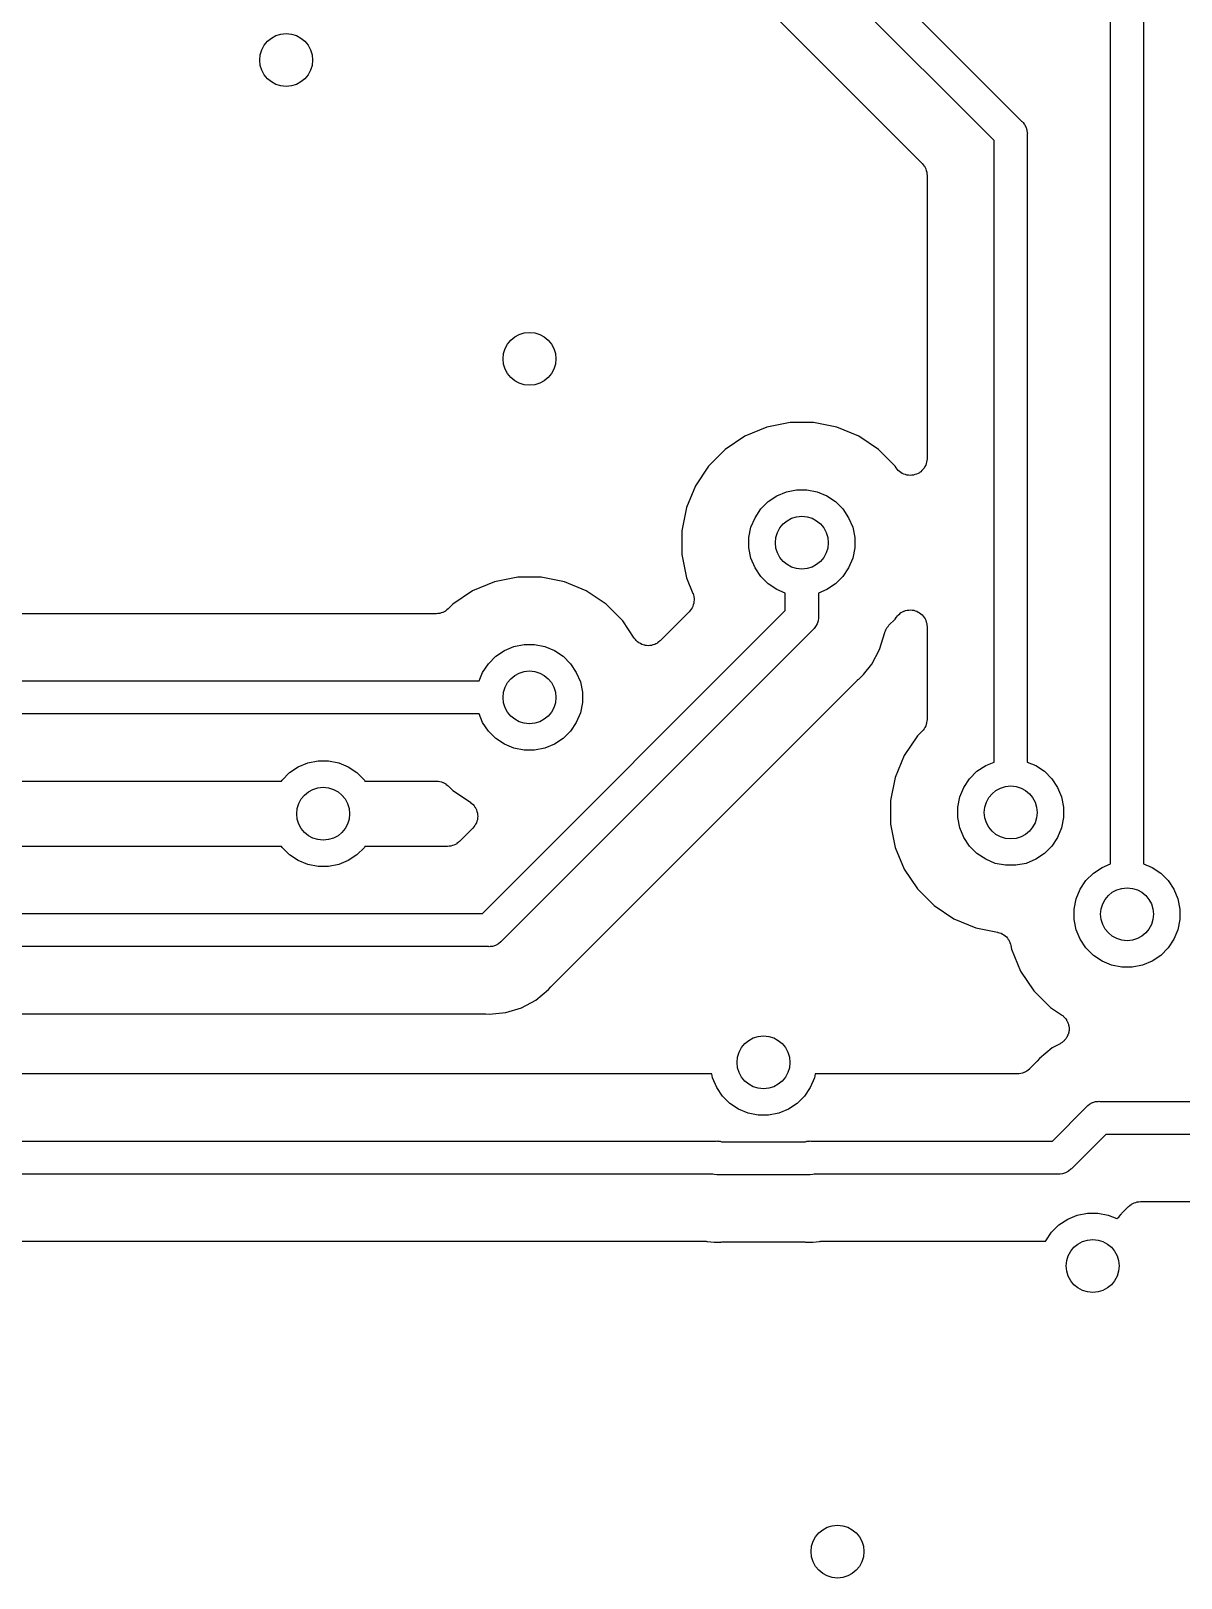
# Model space of a CAD drawing. Extents: x 103 to 213, y -152 to -90.
# Drawn here: x 127.29 to 135.99, y -112.75 to -101.05 of the extents above; entities that cross this region are included whole.
import ezdxf

# ---------------------------------------------------------------- set-up
doc = ezdxf.new("R2010")
doc.units = 0
doc.layers.add('BLACK', color=7, linetype='CONTINUOUS')

msp = doc.modelspace()

# ---------------------------------------------------------------- linework, layer by layer
at = {"layer": 'BLACK', "linetype": 'CONTINUOUS'}
for p, q in [((129.656, -96.606), (134.784, -101.734)), ((134.575, -101.879), (129.511, -96.815)), ((131.033, -99.0554), (134.03, -102.052)), ((135.455, -107.349), (135.455, -100.092)), ((135.705, -100.046), (135.705, -107.349)), ((134.784, -101.734), (134.789, -101.738)), ((134.789, -101.738), (134.793, -101.743)), ((134.793, -101.743), (134.793, -101.743)), ((134.793, -101.743), (134.802, -101.754)), ((134.802, -101.754), (134.804, -101.757)), ((134.804, -101.757), (134.816, -101.779)), ((134.816, -101.779), (134.823, -101.802)), ((134.575, -106.579), (134.575, -101.879)), ((134.823, -101.802), (134.825, -101.821)), ((134.825, -101.821), (134.825, -101.821)), ((134.825, -101.821), (134.826, -101.827)), ((134.826, -101.827), (134.825, -101.833)), ((134.825, -101.833), (134.825, -106.579)), ((134.03, -102.052), (134.03, -102.052)), ((134.03, -102.052), (134.03, -102.052)), ((134.03, -102.052), (134.03, -102.052)), ((134.03, -102.052), (134.031, -102.053)), ((134.031, -102.053), (134.038, -102.062)), ((134.038, -102.062), (134.046, -102.072)), ((134.046, -102.072), (134.046, -102.072)), ((134.046, -102.072), (134.047, -102.073)), ((134.047, -102.073), (134.052, -102.083)), ((134.052, -102.083), (134.057, -102.093)), ((134.057, -102.093), (134.058, -102.094)), ((134.058, -102.094), (134.058, -102.095)), ((134.058, -102.095), (134.061, -102.106)), ((134.061, -102.106), (134.065, -102.117)), ((134.065, -102.117), (134.065, -102.118)), ((134.065, -102.118), (134.065, -102.118)), ((134.065, -102.118), (134.066, -102.13)), ((134.066, -102.13), (134.067, -102.142)), ((134.067, -102.142), (134.067, -104.284)), ((133.031, -104.012), (132.855, -104.047)), ((133.209, -104.012), (133.031, -104.012)), ((133.385, -104.047), (133.209, -104.012)), ((132.69, -104.115), (132.541, -104.215)), ((132.855, -104.047), (132.69, -104.115)), ((133.55, -104.115), (133.385, -104.047)), ((133.699, -104.215), (133.55, -104.115)), ((132.541, -104.215), (132.415, -104.341)), ((133.825, -104.341), (133.699, -104.215)), ((132.415, -104.341), (132.315, -104.49)), ((133.834, -104.355), (133.825, -104.341)), ((133.842, -104.364), (133.834, -104.355)), ((133.85, -104.374), (133.842, -104.364)), ((134.045, -104.356), (134.037, -104.365)), ((134.051, -104.345), (134.045, -104.356)), ((134.045, -104.356), (134.045, -104.356)), ((134.045, -104.356), (134.045, -104.356)), ((134.057, -104.334), (134.051, -104.345)), ((134.061, -104.322), (134.057, -104.334)), ((134.057, -104.334), (134.057, -104.334)), ((134.057, -104.334), (134.057, -104.334)), ((134.064, -104.311), (134.061, -104.322)), ((134.066, -104.298), (134.064, -104.31)), ((134.064, -104.31), (134.064, -104.31)), ((134.064, -104.31), (134.064, -104.311)), ((134.067, -104.286), (134.066, -104.298)), ((134.067, -104.284), (134.067, -104.286)), ((134.067, -104.286), (134.067, -104.286)), ((134.067, -104.286), (134.067, -104.286)), ((134.067, -104.286), (134.067, -104.286)), ((133.86, -104.382), (133.85, -104.374)), ((133.85, -104.374), (133.85, -104.374)), ((133.85, -104.374), (133.85, -104.374)), ((133.869, -104.39), (133.86, -104.382)), ((133.88, -104.396), (133.869, -104.39)), ((133.869, -104.39), (133.869, -104.39)), ((133.869, -104.39), (133.869, -104.39)), ((133.891, -104.401), (133.88, -104.396)), ((133.903, -104.405), (133.891, -104.401)), ((133.891, -104.401), (133.891, -104.401)), ((133.891, -104.401), (133.891, -104.401)), ((133.914, -104.409), (133.903, -104.405)), ((133.915, -104.409), (133.914, -104.409)), ((133.927, -104.41), (133.915, -104.409)), ((133.915, -104.409), (133.915, -104.409)), ((133.939, -104.411), (133.927, -104.41)), ((133.952, -104.41), (133.939, -104.411)), ((133.939, -104.411), (133.939, -104.411)), ((133.939, -104.411), (133.939, -104.411)), ((133.964, -104.409), (133.952, -104.41)), ((133.976, -104.405), (133.964, -104.409)), ((133.964, -104.409), (133.964, -104.409)), ((133.964, -104.409), (133.964, -104.409)), ((133.988, -104.402), (133.976, -104.405)), ((133.999, -104.396), (133.988, -104.402)), ((133.988, -104.402), (133.988, -104.402)), ((133.988, -104.402), (133.988, -104.402)), ((134.01, -104.391), (133.999, -104.396)), ((134.019, -104.383), (134.01, -104.39)), ((134.01, -104.39), (134.01, -104.39)), ((134.01, -104.39), (134.01, -104.391)), ((134.029, -104.375), (134.019, -104.383)), ((134.037, -104.365), (134.029, -104.375)), ((134.029, -104.375), (134.029, -104.375)), ((134.029, -104.375), (134.029, -104.375)), ((132.315, -104.49), (132.247, -104.655)), ((132.865, -104.609), (132.931, -104.566)), ((132.931, -104.566), (133.003, -104.535)), ((133.003, -104.535), (133.081, -104.52)), ((133.081, -104.52), (133.159, -104.52)), ((133.159, -104.52), (133.237, -104.535)), ((133.237, -104.535), (133.309, -104.566)), ((133.309, -104.566), (133.375, -104.609)), ((132.247, -104.655), (132.212, -104.831)), ((132.766, -104.731), (132.809, -104.665)), ((132.809, -104.665), (132.865, -104.609)), ((133.375, -104.609), (133.431, -104.665)), ((133.431, -104.665), (133.474, -104.731)), ((132.212, -104.831), (132.212, -105.009)), ((132.72, -104.881), (132.735, -104.803)), ((132.735, -104.803), (132.766, -104.731)), ((133.474, -104.731), (133.505, -104.803)), ((133.505, -104.803), (133.52, -104.881)), ((132.72, -104.959), (132.72, -104.881)), ((133.52, -104.881), (133.52, -104.959)), ((132.212, -105.009), (132.247, -105.185)), ((132.735, -105.037), (132.72, -104.959)), ((132.766, -105.109), (132.735, -105.037)), ((133.505, -105.037), (133.474, -105.109)), ((133.52, -104.959), (133.505, -105.037)), ((130.971, -105.182), (130.795, -105.217)), ((131.149, -105.182), (130.971, -105.182)), ((131.325, -105.217), (131.149, -105.182)), ((132.809, -105.175), (132.766, -105.109)), ((132.865, -105.231), (132.809, -105.175)), ((133.431, -105.175), (133.375, -105.231)), ((133.474, -105.109), (133.431, -105.175)), ((130.63, -105.285), (130.481, -105.385)), ((130.795, -105.217), (130.63, -105.285)), ((131.49, -105.285), (131.325, -105.217)), ((131.639, -105.385), (131.49, -105.285)), ((132.247, -105.185), (132.296, -105.304)), ((132.931, -105.274), (132.865, -105.231)), ((132.995, -105.301), (132.931, -105.274)), ((133.309, -105.274), (133.245, -105.301)), ((133.375, -105.231), (133.309, -105.274)), ((130.481, -105.385), (130.446, -105.42)), ((131.765, -105.511), (131.639, -105.385)), ((132.29, -105.412), (132.284, -105.423)), ((132.296, -105.402), (132.29, -105.412)), ((132.296, -105.304), (132.296, -105.304)), ((132.296, -105.304), (132.296, -105.304)), ((132.296, -105.304), (132.296, -105.304)), ((132.296, -105.304), (132.297, -105.305)), ((132.299, -105.39), (132.296, -105.401)), ((132.296, -105.401), (132.296, -105.401)), ((132.296, -105.401), (132.296, -105.402)), ((132.297, -105.305), (132.3, -105.317)), ((132.303, -105.378), (132.299, -105.39)), ((132.3, -105.317), (132.303, -105.328)), ((132.303, -105.328), (132.303, -105.328)), ((132.303, -105.328), (132.304, -105.329)), ((132.304, -105.365), (132.303, -105.377)), ((132.303, -105.377), (132.303, -105.378)), ((132.303, -105.378), (132.303, -105.378)), ((132.304, -105.329), (132.305, -105.341)), ((132.306, -105.354), (132.304, -105.365)), ((132.305, -105.341), (132.306, -105.353)), ((132.306, -105.353), (132.306, -105.353)), ((132.306, -105.353), (132.306, -105.354)), ((132.995, -105.434), (132.995, -105.301)), ((133.245, -105.301), (133.245, -105.48)), ((130.356, -105.457), (126.78, -105.457)), ((130.368, -105.456), (130.356, -105.457)), ((130.38, -105.455), (130.368, -105.456)), ((130.381, -105.455), (130.38, -105.455)), ((130.38, -105.455), (130.38, -105.455)), ((130.392, -105.451), (130.381, -105.455)), ((130.403, -105.448), (130.392, -105.451)), ((130.404, -105.448), (130.403, -105.448)), ((130.405, -105.447), (130.404, -105.448)), ((130.415, -105.442), (130.405, -105.447)), ((130.425, -105.437), (130.415, -105.442)), ((130.426, -105.436), (130.425, -105.437)), ((130.427, -105.436), (130.426, -105.436)), ((130.436, -105.428), (130.427, -105.436)), ((130.445, -105.421), (130.436, -105.428)), ((130.446, -105.42), (130.445, -105.421)), ((130.446, -105.42), (130.446, -105.42)), ((130.446, -105.42), (130.446, -105.42)), ((130.446, -105.42), (130.446, -105.42)), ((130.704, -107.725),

────────

Identify the lines of the entries containing the string "BLACK". Copy each such line.

» RESPONSE BOX:
doc.layers.add('BLACK', color=7, linetype='CONTINUOUS')
at = {"layer": 'BLACK', "linetype": 'CONTINUOUS'}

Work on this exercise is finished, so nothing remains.